Available data
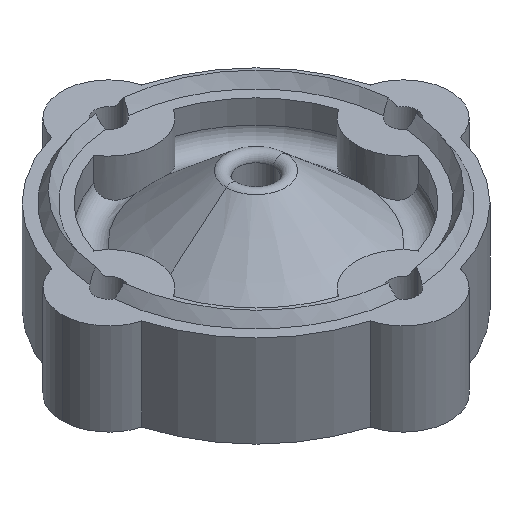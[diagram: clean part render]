
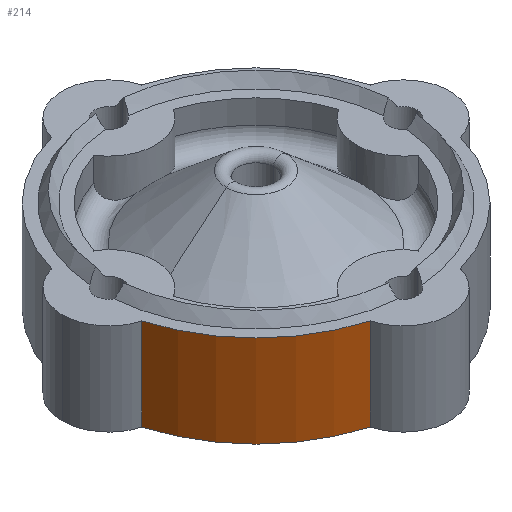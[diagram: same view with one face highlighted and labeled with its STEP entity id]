
A CAD part, isometric view. The second image highlights one B-rep face of the part: STEP entity #214.
In plain terms, the highlighted cylindrical face has radius 45 mm (diameter 90 mm), a partial arc.
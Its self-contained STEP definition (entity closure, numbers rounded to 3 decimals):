
#86 = EDGE_CURVE ( 'NONE', #1427, #1461, #1512, .T. ) ;
#152 = VECTOR ( 'NONE', #1188, 1000. ) ;
#186 = DIRECTION ( 'NONE',  ( 0., 0., 1. ) ) ;
#214 = ADVANCED_FACE ( 'NONE', ( #269 ), #1629, .T. ) ;
#269 = FACE_OUTER_BOUND ( 'NONE', #1867, .T. ) ;
#382 = CARTESIAN_POINT ( 'NONE',  ( -12.265, -43.296, 0. ) ) ;
#415 = AXIS2_PLACEMENT_3D ( 'NONE', #1524, #186, #1102 ) ;
#477 = CARTESIAN_POINT ( 'NONE',  ( -12.265, -43.296, -25. ) ) ;
#594 = CIRCLE ( 'NONE', #1275, 45. ) ;
#617 = ORIENTED_EDGE ( 'NONE', *, *, #1092, .T. ) ;
#730 = CARTESIAN_POINT ( 'NONE',  ( 0., 0., 0. ) ) ;
#835 = CARTESIAN_POINT ( 'NONE',  ( -43.296, -12.265, 0. ) ) ;
#949 = DIRECTION ( 'NONE',  ( 0., 0., -1. ) ) ;
#997 = EDGE_CURVE ( 'NONE', #1112, #1461, #1790, .T. ) ;
#1011 = ORIENTED_EDGE ( 'NONE', *, *, #1870, .T. ) ;
#1092 = EDGE_CURVE ( 'NONE', #1931, #1112, #594, .T. ) ;
#1097 = CARTESIAN_POINT ( 'NONE',  ( -43.296, -12.265, -25. ) ) ;
#1102 = DIRECTION ( 'NONE',  ( 1., 0., 0. ) ) ;
#1112 = VERTEX_POINT ( 'NONE', #477 ) ;
#1166 = DIRECTION ( 'NONE',  ( 0., 0., 1. ) ) ;
#1188 = DIRECTION ( 'NONE',  ( 0., 0., 1. ) ) ;
#1275 = AXIS2_PLACEMENT_3D ( 'NONE', #1493, #1525, #1825 ) ;
#1325 = DIRECTION ( 'NONE',  ( 1., 0., 0. ) ) ;
#1406 = LINE ( 'NONE', #1526, #1429 ) ;
#1427 = VERTEX_POINT ( 'NONE', #835 ) ;
#1429 = VECTOR ( 'NONE', #949, 1000. ) ;
#1461 = VERTEX_POINT ( 'NONE', #382 ) ;
#1493 = CARTESIAN_POINT ( 'NONE',  ( 0., 0., -25. ) ) ;
#1512 = CIRCLE ( 'NONE', #415, 45. ) ;
#1524 = CARTESIAN_POINT ( 'NONE',  ( 0., 0., 0. ) ) ;
#1525 = DIRECTION ( 'NONE',  ( 0., 0., 1. ) ) ;
#1526 = CARTESIAN_POINT ( 'NONE',  ( -43.296, -12.265, -12.5 ) ) ;
#1629 = CYLINDRICAL_SURFACE ( 'NONE', #1860, 45. ) ;
#1701 = ORIENTED_EDGE ( 'NONE', *, *, #997, .T. ) ;
#1790 = LINE ( 'NONE', #1900, #152 ) ;
#1825 = DIRECTION ( 'NONE',  ( 1., 0., 0. ) ) ;
#1860 = AXIS2_PLACEMENT_3D ( 'NONE', #730, #1166, #1325 ) ;
#1867 = EDGE_LOOP ( 'NONE', ( #617, #1701, #1888, #1011 ) ) ;
#1870 = EDGE_CURVE ( 'NONE', #1427, #1931, #1406, .T. ) ;
#1888 = ORIENTED_EDGE ( 'NONE', *, *, #86, .F. ) ;
#1900 = CARTESIAN_POINT ( 'NONE',  ( -12.265, -43.296, -12.5 ) ) ;
#1931 = VERTEX_POINT ( 'NONE', #1097 ) ;
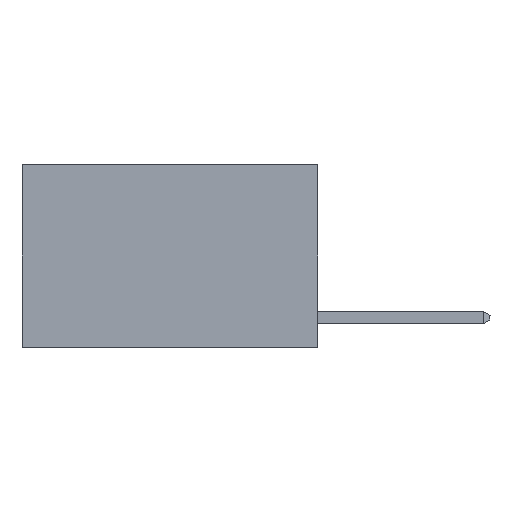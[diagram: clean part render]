
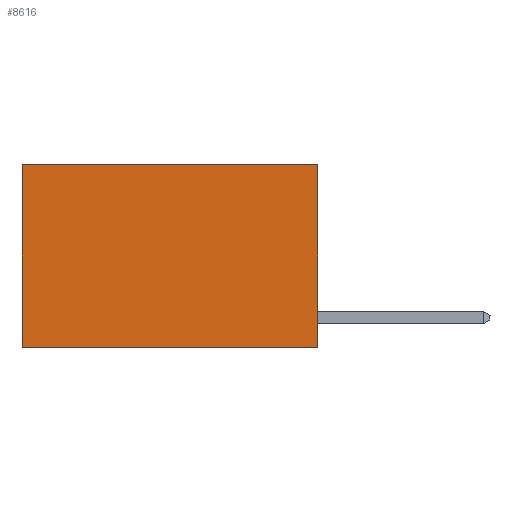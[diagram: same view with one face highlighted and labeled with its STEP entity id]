
A CAD part, left-side view. The second image highlights one B-rep face of the part: STEP entity #8616.
In plain terms, the highlighted planar face has unit normal (-1, 0, 0).
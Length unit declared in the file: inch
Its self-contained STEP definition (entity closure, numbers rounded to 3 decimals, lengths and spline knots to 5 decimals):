
#195 = ORIENTED_EDGE ( 'NONE', *, *, #8814, .T. ) ;
#199 = CARTESIAN_POINT ( 'NONE',  ( 0.2625, 0., -0.37 ) ) ;
#530 = DIRECTION ( 'NONE',  ( 1., 0., 0. ) ) ;
#1027 = DIRECTION ( 'NONE',  ( 0., 1., 0. ) ) ;
#1144 = CARTESIAN_POINT ( 'NONE',  ( 0.2625, 0., -0.37 ) ) ;
#1210 = VECTOR ( 'NONE', #1027, 39.37008 ) ;
#1721 = VERTEX_POINT ( 'NONE', #1144 ) ;
#1928 = DIRECTION ( 'NONE',  ( 0., 0., -1. ) ) ;
#1965 = CARTESIAN_POINT ( 'NONE',  ( 0.2625, 0., 0. ) ) ;
#2947 = CARTESIAN_POINT ( 'NONE',  ( 0.2625, 0.6, 0. ) ) ;
#3151 = FACE_OUTER_BOUND ( 'NONE', #5121, .T. ) ;
#4302 = ORIENTED_EDGE ( 'NONE', *, *, #9738, .F. ) ;
#4740 = CARTESIAN_POINT ( 'NONE',  ( 0.2625, 0.6, 0. ) ) ;
#4759 = EDGE_CURVE ( 'NONE', #1721, #10932, #11955, .T. ) ;
#5121 = EDGE_LOOP ( 'NONE', ( #14424, #14658, #4302, #195 ) ) ;
#5837 = CARTESIAN_POINT ( 'NONE',  ( 0.2625, 0., 0. ) ) ;
#5888 = EDGE_CURVE ( 'NONE', #13431, #10932, #13352, .T. ) ;
#7561 = CARTESIAN_POINT ( 'NONE',  ( 0.2625, 0.6, -0.37 ) ) ;
#8064 = DIRECTION ( 'NONE',  ( 0., 0., -1. ) ) ;
#8421 = CARTESIAN_POINT ( 'NONE',  ( 0.2625, 0., 0. ) ) ;
#8517 = VECTOR ( 'NONE', #13062, 39.37008 ) ;
#8616 = ADVANCED_FACE ( 'NONE', ( #3151 ), #10694, .F. ) ;
#8814 = EDGE_CURVE ( 'NONE', #9976, #13431, #13785, .T. ) ;
#9457 = VECTOR ( 'NONE', #8064, 39.37008 ) ;
#9729 = LINE ( 'NONE', #11081, #10304 ) ;
#9738 = EDGE_CURVE ( 'NONE', #9976, #1721, #9729, .T. ) ;
#9976 = VERTEX_POINT ( 'NONE', #5837 ) ;
#10304 = VECTOR ( 'NONE', #1928, 39.37008 ) ;
#10598 = AXIS2_PLACEMENT_3D ( 'NONE', #1965, #530, #10867 ) ;
#10694 = PLANE ( 'NONE',  #10598 ) ;
#10867 = DIRECTION ( 'NONE',  ( 0., 0., -1. ) ) ;
#10932 = VERTEX_POINT ( 'NONE', #7561 ) ;
#11081 = CARTESIAN_POINT ( 'NONE',  ( 0.2625, 0., 0. ) ) ;
#11955 = LINE ( 'NONE', #199, #8517 ) ;
#13062 = DIRECTION ( 'NONE',  ( 0., 1., 0. ) ) ;
#13352 = LINE ( 'NONE', #2947, #9457 ) ;
#13431 = VERTEX_POINT ( 'NONE', #4740 ) ;
#13785 = LINE ( 'NONE', #8421, #1210 ) ;
#14424 = ORIENTED_EDGE ( 'NONE', *, *, #5888, .T. ) ;
#14658 = ORIENTED_EDGE ( 'NONE', *, *, #4759, .F. ) ;
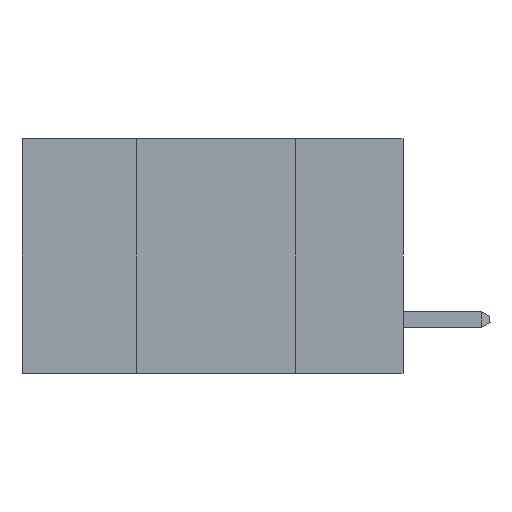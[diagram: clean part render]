
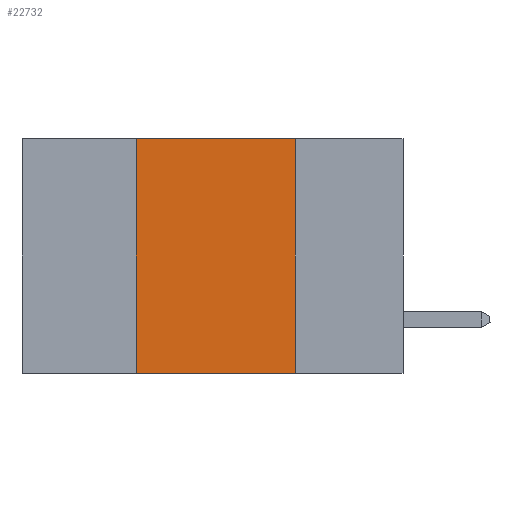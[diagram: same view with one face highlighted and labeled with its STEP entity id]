
A CAD part, left-side view. The second image highlights one B-rep face of the part: STEP entity #22732.
In plain terms, the highlighted planar face has unit normal (-1, 0, 0).
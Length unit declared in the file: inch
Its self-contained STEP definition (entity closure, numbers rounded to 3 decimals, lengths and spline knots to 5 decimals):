
#767 = ORIENTED_EDGE ( 'NONE', *, *, #10148, .F. ) ;
#1131 = LINE ( 'NONE', #11497, #32238 ) ;
#1174 = CARTESIAN_POINT ( 'NONE',  ( 0., 0.42, 0. ) ) ;
#3375 = AXIS2_PLACEMENT_3D ( 'NONE', #18057, #10188, #31547 ) ;
#5213 = VERTEX_POINT ( 'NONE', #1174 ) ;
#5790 = CARTESIAN_POINT ( 'NONE',  ( 0., 0.42, -0.37 ) ) ;
#6430 = CARTESIAN_POINT ( 'NONE',  ( 0., 0.6, -0.37 ) ) ;
#6857 = VERTEX_POINT ( 'NONE', #33693 ) ;
#7256 = LINE ( 'NONE', #17575, #22312 ) ;
#8447 = VERTEX_POINT ( 'NONE', #31211 ) ;
#10148 = EDGE_CURVE ( 'NONE', #5213, #8447, #1131, .T. ) ;
#10188 = DIRECTION ( 'NONE',  ( 1., 0., 0. ) ) ;
#10972 = LINE ( 'NONE', #6430, #31164 ) ;
#11497 = CARTESIAN_POINT ( 'NONE',  ( 0., 0.6, 0. ) ) ;
#12600 = EDGE_CURVE ( 'NONE', #14263, #6857, #10972, .T. ) ;
#14263 = VERTEX_POINT ( 'NONE', #5790 ) ;
#17341 = DIRECTION ( 'NONE',  ( 0., 0., -1. ) ) ;
#17560 = ORIENTED_EDGE ( 'NONE', *, *, #12600, .T. ) ;
#17575 = CARTESIAN_POINT ( 'NONE',  ( 0., 0.17, 0. ) ) ;
#17793 = EDGE_LOOP ( 'NONE', ( #18544, #767, #26793, #17560 ) ) ;
#17826 = PLANE ( 'NONE',  #3375 ) ;
#18057 = CARTESIAN_POINT ( 'NONE',  ( 0., 0.6, 0. ) ) ;
#18402 = EDGE_CURVE ( 'NONE', #14263, #5213, #28166, .T. ) ;
#18544 = ORIENTED_EDGE ( 'NONE', *, *, #20761, .F. ) ;
#20761 = EDGE_CURVE ( 'NONE', #8447, #6857, #7256, .T. ) ;
#22312 = VECTOR ( 'NONE', #17341, 39.37008 ) ;
#22732 = ADVANCED_FACE ( 'NONE', ( #25143 ), #17826, .F. ) ;
#25143 = FACE_OUTER_BOUND ( 'NONE', #17793, .T. ) ;
#26793 = ORIENTED_EDGE ( 'NONE', *, *, #18402, .F. ) ;
#27319 = VECTOR ( 'NONE', #29261, 39.37008 ) ;
#28166 = LINE ( 'NONE', #34402, #27319 ) ;
#29128 = DIRECTION ( 'NONE',  ( 0., -1., 0. ) ) ;
#29261 = DIRECTION ( 'NONE',  ( 0., 0., 1. ) ) ;
#31164 = VECTOR ( 'NONE', #33179, 39.37008 ) ;
#31211 = CARTESIAN_POINT ( 'NONE',  ( 0., 0.17, 0. ) ) ;
#31547 = DIRECTION ( 'NONE',  ( 0., 0., -1. ) ) ;
#32238 = VECTOR ( 'NONE', #29128, 39.37008 ) ;
#33179 = DIRECTION ( 'NONE',  ( 0., -1., 0. ) ) ;
#33693 = CARTESIAN_POINT ( 'NONE',  ( 0., 0.17, -0.37 ) ) ;
#34402 = CARTESIAN_POINT ( 'NONE',  ( 0., 0.42, 0. ) ) ;

About this exercise
Retype exactly the lines above, from the one with "#8064 = DIRECTION" through the one with "#10932 = VERTEX_POINT ( 'NONE', #7561 ) ;", inclusive.

Exercise response
#8064 = DIRECTION ( 'NONE',  ( 0., 0., -1. ) ) ;
#8421 = CARTESIAN_POINT ( 'NONE',  ( 0.2625, 0., 0. ) ) ;
#8517 = VECTOR ( 'NONE', #13062, 39.37008 ) ;
#8616 = ADVANCED_FACE ( 'NONE', ( #3151 ), #10694, .F. ) ;
#8814 = EDGE_CURVE ( 'NONE', #9976, #13431, #13785, .T. ) ;
#9457 = VECTOR ( 'NONE', #8064, 39.37008 ) ;
#9729 = LINE ( 'NONE', #11081, #10304 ) ;
#9738 = EDGE_CURVE ( 'NONE', #9976, #1721, #9729, .T. ) ;
#9976 = VERTEX_POINT ( 'NONE', #5837 ) ;
#10304 = VECTOR ( 'NONE', #1928, 39.37008 ) ;
#10598 = AXIS2_PLACEMENT_3D ( 'NONE', #1965, #530, #10867 ) ;
#10694 = PLANE ( 'NONE',  #10598 ) ;
#10867 = DIRECTION ( 'NONE',  ( 0., 0., -1. ) ) ;
#10932 = VERTEX_POINT ( 'NONE', #7561 ) ;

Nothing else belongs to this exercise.